A notable amount of radiation is generated due to re-emission of energy at different wavelengths. The amount of visible rays absorbed by the Earth is greater than the amount of visible rays emitted by the Earth because the visible rays get re-emitted at lower frequencies, while UV part of the spectrum is past the Sun's peak color, so it doesn't quite make up for that drop in visible light.

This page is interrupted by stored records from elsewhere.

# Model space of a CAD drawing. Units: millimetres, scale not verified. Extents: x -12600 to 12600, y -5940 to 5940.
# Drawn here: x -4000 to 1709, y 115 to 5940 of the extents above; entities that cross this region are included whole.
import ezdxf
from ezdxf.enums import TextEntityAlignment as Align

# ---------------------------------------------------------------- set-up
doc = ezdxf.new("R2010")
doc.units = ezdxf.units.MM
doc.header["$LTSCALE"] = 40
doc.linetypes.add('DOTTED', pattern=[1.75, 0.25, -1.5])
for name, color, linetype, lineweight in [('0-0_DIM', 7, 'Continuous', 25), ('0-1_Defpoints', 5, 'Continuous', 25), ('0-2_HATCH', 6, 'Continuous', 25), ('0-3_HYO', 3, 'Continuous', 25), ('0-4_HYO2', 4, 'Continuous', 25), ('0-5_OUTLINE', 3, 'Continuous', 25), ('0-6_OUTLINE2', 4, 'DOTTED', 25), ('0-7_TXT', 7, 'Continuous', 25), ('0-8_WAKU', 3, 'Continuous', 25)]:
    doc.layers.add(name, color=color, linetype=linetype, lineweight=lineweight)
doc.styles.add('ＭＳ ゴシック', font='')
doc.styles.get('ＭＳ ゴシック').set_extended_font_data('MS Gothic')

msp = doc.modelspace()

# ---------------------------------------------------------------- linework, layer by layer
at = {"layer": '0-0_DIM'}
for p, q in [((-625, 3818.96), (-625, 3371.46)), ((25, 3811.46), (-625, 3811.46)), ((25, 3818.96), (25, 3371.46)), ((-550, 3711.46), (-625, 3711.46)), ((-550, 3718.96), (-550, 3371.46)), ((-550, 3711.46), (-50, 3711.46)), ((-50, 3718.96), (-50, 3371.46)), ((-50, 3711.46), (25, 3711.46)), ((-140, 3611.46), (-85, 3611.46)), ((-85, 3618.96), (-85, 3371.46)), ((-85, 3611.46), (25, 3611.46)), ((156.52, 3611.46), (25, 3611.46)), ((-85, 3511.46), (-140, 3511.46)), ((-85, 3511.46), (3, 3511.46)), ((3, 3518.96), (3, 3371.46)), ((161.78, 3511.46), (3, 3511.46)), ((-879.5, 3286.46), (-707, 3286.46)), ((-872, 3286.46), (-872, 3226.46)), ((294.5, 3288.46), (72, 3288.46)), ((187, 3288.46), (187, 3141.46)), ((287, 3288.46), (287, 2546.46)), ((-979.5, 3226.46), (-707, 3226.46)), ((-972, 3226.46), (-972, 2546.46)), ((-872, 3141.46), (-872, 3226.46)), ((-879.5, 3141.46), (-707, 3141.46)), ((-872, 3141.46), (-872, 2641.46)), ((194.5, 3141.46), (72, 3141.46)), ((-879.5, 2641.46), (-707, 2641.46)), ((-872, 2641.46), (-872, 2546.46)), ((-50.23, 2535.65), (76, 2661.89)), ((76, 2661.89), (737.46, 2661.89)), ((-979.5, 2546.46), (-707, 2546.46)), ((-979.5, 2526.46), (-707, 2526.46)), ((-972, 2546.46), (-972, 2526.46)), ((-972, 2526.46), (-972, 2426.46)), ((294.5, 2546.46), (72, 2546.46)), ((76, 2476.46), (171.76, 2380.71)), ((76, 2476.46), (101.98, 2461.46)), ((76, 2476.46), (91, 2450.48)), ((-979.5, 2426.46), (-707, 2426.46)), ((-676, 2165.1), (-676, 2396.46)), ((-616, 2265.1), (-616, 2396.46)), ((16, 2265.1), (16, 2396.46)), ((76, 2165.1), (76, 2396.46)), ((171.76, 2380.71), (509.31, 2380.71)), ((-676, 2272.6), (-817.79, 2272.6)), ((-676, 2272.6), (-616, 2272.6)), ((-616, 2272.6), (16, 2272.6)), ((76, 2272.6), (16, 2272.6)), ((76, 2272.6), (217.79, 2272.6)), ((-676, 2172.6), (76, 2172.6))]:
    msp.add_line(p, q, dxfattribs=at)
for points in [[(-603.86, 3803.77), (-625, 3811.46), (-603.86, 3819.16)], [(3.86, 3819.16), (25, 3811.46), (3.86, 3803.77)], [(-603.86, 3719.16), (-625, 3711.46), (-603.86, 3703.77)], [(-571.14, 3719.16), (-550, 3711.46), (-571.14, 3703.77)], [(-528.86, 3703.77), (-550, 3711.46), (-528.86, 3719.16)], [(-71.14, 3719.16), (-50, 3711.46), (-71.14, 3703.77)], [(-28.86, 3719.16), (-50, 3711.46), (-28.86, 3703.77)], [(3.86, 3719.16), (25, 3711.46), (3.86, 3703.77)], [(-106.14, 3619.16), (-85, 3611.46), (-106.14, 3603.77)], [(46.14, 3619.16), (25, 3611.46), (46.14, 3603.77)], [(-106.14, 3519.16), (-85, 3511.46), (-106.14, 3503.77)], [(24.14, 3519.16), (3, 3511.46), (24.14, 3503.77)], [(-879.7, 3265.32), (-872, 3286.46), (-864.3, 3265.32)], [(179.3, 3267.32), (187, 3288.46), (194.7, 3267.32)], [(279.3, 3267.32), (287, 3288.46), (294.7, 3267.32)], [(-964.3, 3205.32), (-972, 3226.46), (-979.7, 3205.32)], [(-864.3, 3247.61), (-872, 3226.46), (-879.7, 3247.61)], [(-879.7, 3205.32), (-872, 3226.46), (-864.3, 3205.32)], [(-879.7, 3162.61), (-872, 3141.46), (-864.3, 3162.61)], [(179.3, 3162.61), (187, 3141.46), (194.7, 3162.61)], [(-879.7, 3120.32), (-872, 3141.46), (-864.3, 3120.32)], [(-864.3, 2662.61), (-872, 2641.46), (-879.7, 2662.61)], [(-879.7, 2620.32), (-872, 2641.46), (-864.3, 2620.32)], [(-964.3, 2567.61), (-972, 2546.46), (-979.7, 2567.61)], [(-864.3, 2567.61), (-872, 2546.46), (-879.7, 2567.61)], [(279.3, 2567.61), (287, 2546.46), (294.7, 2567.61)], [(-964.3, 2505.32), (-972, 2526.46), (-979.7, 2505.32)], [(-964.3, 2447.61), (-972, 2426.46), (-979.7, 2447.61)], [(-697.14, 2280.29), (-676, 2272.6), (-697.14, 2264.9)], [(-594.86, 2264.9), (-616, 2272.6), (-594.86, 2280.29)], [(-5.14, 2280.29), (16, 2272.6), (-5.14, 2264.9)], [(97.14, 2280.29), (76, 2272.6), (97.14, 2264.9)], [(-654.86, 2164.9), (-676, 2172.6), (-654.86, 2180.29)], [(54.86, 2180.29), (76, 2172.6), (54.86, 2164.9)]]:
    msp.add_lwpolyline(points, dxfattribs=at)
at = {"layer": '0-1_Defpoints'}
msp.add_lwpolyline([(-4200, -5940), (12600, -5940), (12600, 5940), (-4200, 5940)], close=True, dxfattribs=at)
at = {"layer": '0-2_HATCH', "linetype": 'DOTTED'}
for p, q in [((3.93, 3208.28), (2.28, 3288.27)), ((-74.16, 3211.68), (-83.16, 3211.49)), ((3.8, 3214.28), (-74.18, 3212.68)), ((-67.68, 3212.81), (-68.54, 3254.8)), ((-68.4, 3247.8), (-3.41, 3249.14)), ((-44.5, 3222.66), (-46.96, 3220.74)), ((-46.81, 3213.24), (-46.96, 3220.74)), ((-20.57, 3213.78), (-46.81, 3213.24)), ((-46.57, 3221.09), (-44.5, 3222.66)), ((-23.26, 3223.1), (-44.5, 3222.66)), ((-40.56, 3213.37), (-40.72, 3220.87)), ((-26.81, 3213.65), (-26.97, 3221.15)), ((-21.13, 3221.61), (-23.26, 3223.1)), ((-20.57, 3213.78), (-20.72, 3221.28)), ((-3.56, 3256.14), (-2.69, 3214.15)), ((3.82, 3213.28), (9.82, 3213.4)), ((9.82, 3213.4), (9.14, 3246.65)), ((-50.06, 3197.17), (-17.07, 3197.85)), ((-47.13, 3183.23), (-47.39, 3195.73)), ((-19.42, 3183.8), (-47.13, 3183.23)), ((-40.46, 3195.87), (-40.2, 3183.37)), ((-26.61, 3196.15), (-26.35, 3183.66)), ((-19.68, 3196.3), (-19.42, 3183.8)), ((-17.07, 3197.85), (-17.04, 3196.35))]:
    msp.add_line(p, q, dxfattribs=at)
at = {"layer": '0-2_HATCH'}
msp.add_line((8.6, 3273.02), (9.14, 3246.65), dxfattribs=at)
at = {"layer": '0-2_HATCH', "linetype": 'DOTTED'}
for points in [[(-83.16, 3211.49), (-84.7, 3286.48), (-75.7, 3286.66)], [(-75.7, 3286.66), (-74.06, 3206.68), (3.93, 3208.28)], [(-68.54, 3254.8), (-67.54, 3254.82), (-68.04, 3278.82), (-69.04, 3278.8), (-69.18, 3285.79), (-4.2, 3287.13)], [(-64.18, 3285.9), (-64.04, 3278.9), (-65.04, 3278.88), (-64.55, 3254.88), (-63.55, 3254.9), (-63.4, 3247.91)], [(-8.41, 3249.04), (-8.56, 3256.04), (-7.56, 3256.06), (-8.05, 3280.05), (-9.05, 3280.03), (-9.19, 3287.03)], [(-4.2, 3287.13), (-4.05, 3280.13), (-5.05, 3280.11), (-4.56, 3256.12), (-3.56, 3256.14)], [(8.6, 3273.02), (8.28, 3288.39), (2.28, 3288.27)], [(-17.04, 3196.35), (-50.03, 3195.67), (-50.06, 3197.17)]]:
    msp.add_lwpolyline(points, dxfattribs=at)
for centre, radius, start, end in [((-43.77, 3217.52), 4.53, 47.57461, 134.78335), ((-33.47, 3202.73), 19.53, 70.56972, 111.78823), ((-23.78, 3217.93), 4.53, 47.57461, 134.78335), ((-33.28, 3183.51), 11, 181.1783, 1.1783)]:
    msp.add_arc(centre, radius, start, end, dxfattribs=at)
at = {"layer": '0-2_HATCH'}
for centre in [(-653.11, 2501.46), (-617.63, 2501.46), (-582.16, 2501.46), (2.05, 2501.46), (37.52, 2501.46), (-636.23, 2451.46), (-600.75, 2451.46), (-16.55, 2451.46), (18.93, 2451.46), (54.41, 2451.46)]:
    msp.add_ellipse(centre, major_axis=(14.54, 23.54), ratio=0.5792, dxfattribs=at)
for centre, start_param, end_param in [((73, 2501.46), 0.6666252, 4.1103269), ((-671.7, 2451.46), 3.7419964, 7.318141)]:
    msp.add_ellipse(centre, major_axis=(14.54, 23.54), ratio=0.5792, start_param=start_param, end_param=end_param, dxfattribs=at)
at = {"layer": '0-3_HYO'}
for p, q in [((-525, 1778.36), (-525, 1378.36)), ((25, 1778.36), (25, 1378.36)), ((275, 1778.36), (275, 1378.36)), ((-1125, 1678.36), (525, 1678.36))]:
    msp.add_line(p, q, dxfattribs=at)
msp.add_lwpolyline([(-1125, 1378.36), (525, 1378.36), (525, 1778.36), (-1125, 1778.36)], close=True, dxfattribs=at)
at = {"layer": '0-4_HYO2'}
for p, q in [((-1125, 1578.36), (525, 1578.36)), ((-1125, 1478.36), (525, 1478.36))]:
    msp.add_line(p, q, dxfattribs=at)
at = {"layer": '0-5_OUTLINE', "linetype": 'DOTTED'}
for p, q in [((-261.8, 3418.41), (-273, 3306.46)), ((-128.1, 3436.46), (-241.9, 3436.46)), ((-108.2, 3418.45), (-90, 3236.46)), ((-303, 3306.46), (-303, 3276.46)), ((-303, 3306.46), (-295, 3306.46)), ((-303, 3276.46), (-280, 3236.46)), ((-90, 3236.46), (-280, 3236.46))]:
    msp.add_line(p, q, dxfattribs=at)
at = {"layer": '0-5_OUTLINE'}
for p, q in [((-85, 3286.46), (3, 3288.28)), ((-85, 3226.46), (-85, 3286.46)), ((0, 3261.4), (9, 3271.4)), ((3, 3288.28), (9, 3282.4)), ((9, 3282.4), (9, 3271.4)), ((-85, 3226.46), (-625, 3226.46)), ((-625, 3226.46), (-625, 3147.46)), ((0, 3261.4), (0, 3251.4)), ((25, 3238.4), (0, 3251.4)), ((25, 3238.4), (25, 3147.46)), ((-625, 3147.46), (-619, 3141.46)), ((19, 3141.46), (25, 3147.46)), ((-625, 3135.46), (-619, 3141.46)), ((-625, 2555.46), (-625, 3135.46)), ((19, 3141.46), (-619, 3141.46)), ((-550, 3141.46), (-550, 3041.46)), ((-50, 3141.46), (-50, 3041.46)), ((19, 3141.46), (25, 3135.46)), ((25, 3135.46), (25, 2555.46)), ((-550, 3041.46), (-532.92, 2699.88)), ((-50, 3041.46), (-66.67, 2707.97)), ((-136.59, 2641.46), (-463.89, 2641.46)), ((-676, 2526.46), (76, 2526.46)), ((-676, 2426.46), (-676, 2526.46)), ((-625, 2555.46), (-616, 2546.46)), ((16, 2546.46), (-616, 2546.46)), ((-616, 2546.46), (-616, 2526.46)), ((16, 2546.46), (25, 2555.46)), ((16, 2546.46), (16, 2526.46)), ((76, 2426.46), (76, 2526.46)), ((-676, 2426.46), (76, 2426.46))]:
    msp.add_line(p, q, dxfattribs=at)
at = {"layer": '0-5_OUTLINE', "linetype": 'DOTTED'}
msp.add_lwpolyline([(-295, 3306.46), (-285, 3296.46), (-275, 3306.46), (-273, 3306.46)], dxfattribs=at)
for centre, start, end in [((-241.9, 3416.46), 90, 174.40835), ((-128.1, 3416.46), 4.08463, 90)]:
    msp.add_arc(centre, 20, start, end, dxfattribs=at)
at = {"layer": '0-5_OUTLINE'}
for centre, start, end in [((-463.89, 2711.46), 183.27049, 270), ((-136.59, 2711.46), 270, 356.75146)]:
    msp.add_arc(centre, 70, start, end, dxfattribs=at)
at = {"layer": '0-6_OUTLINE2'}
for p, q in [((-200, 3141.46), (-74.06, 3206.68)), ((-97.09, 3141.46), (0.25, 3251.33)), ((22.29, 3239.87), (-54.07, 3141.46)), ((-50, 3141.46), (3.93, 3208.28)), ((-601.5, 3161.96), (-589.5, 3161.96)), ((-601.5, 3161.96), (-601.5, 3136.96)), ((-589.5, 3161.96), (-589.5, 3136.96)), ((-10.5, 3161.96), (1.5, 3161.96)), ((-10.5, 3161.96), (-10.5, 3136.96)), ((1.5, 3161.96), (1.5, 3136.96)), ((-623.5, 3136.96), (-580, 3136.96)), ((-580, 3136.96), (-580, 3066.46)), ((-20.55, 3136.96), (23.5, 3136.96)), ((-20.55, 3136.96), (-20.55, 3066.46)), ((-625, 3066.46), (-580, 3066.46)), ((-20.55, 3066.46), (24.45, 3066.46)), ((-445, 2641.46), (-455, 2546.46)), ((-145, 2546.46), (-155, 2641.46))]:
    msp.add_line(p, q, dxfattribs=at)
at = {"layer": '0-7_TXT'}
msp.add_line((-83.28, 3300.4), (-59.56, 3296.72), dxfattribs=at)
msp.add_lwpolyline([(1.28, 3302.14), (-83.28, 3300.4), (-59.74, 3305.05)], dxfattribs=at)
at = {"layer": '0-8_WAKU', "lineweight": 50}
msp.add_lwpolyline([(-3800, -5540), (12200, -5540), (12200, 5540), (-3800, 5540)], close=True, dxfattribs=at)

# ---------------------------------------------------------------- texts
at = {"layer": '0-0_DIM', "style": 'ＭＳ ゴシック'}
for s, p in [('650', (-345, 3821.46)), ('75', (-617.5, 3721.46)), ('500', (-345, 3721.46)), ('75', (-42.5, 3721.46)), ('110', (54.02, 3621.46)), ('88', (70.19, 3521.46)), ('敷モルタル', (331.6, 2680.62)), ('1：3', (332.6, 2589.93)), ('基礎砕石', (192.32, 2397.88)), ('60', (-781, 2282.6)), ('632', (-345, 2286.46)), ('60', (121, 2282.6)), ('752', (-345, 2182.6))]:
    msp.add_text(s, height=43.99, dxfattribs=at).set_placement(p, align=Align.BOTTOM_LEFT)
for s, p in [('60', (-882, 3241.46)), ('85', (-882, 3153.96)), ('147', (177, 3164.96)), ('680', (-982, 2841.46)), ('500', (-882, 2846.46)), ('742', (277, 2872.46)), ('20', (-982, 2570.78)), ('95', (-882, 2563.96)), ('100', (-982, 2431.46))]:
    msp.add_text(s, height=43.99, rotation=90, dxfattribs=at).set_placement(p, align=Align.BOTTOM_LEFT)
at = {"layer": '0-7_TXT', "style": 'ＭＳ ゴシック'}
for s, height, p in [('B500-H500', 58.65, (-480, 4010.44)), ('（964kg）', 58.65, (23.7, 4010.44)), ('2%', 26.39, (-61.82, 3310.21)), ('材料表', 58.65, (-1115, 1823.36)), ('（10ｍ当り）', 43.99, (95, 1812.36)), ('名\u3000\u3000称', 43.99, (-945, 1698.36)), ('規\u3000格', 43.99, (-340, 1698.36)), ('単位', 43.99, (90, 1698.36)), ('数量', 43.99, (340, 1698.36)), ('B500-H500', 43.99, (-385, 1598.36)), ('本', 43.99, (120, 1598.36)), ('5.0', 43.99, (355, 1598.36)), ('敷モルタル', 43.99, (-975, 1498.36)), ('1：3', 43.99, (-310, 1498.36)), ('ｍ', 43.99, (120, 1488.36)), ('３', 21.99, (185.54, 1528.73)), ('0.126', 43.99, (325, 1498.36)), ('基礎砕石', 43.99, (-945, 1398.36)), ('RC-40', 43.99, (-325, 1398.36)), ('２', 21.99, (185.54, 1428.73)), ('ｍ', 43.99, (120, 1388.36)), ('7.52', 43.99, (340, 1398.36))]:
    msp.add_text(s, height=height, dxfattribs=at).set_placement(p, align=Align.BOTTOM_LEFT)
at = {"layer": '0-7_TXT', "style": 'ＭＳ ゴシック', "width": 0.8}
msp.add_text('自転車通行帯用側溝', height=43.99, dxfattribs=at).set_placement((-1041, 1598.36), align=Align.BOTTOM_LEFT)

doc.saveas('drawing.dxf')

Your analysis (along together with your prior statement that "not only are they proportional, they are equal"), in contrast, projects that the amount of light at a given wavelength absorbed by a body will equal the amount of light at that wavelength emitted by a body. That is simply not right in the case of anything capable of emitting or absorbing a broken visible and/or infrared spectrum. Such are deviations from Maxwell-Boltzmann statistics, and thus they are automatically non-equilibrium in nature.

See above.

Last edited: Apr 8, 2012
17. Apr 9, 2012

### Staff: Mentor

You are interested in the process of energy transfer from one body to the other. Absorption and emission do not change the wavelength during energy transfer. A given wavelength that is emitted by one body is either absorbed or reflected by the other. It is simply not possible for the wavelength emitted by one to be different from the wavelength absorbed by the other in this scenario.

Once the wavelength is absorbed the energy and temperature of the absorbing body increases. It then emits the energy according to its own characteristic emission spectrum, but that is a new emission-absorption transfer of energy. In each emission-absorption transfer the wavelength does not change.

All of my comments above apply.

I never said that it did. I made the big deal of picking a wavelength in the beginning so that I wouldn't have to keep on writing "at that wavelength" throughout the description. And at a given wavelength a greybody can be reduced to having a "high" or "low" emissivity in this scenario, which can change at a different wavelength. Which is what I said.

I certainly never said that, nor does it follow from my analysis. I never discussed energy absorbed and emitted by the same body at all. I only discussed energy emitted by one body and absorbed by the other, which is the only mechanism of energy transfer in this scenario. Wavelength does not change in that process, which is the energy transfer process.

Last edited: Apr 9, 2012
18. Apr 9, 2012

### kmarinas86

http://en.wikipedia.org/wiki/File:Fluorescent_minerals_hg.jpg - Collection of various fluorescent minerals under ultraviolet UV-A, UV-B and UV-C light. Chemicals in the rocks absorb the ultraviolet light and emit visible light of various colors, a process called fluorescence.

The wavelength changes in the above picture "scenario".

It seems like energy transfer goes both ways. We have a chain of energy transfers, one after the other. The wavelength cannot be conserved, and it is not realistic to think that it is. Don't you think?

Last edited: Apr 9, 2012
19. Apr 9, 2012

### Staff: Mentor

Sure, but the "above picture 'scenario'" is not relevant to your scenario. The "above picture 'scenario'" is fluorecense. That is energy which is absorbed by some object, A, at one wavelength and emitted by that same object, A, at a different wavelength.

In your scenario you are interested in energy which is emitted by A and then absorbed by some other object, B. The wavelength of energy emitted by A is always the same as the wavelength of energy absorbed by B, absent any Doppler or relativistic effects. Do you disagree with that?

Last edited: Apr 9, 2012
20. Apr 9, 2012

### kmarinas86

Do you even know what the scenario is?

It is not "my" scenario. The topic is the system to be described, including all absorption, re-emission etc. not mentioned in the opening post. The OP is what, apparently, you think establishes the full context of the scenario. It does not.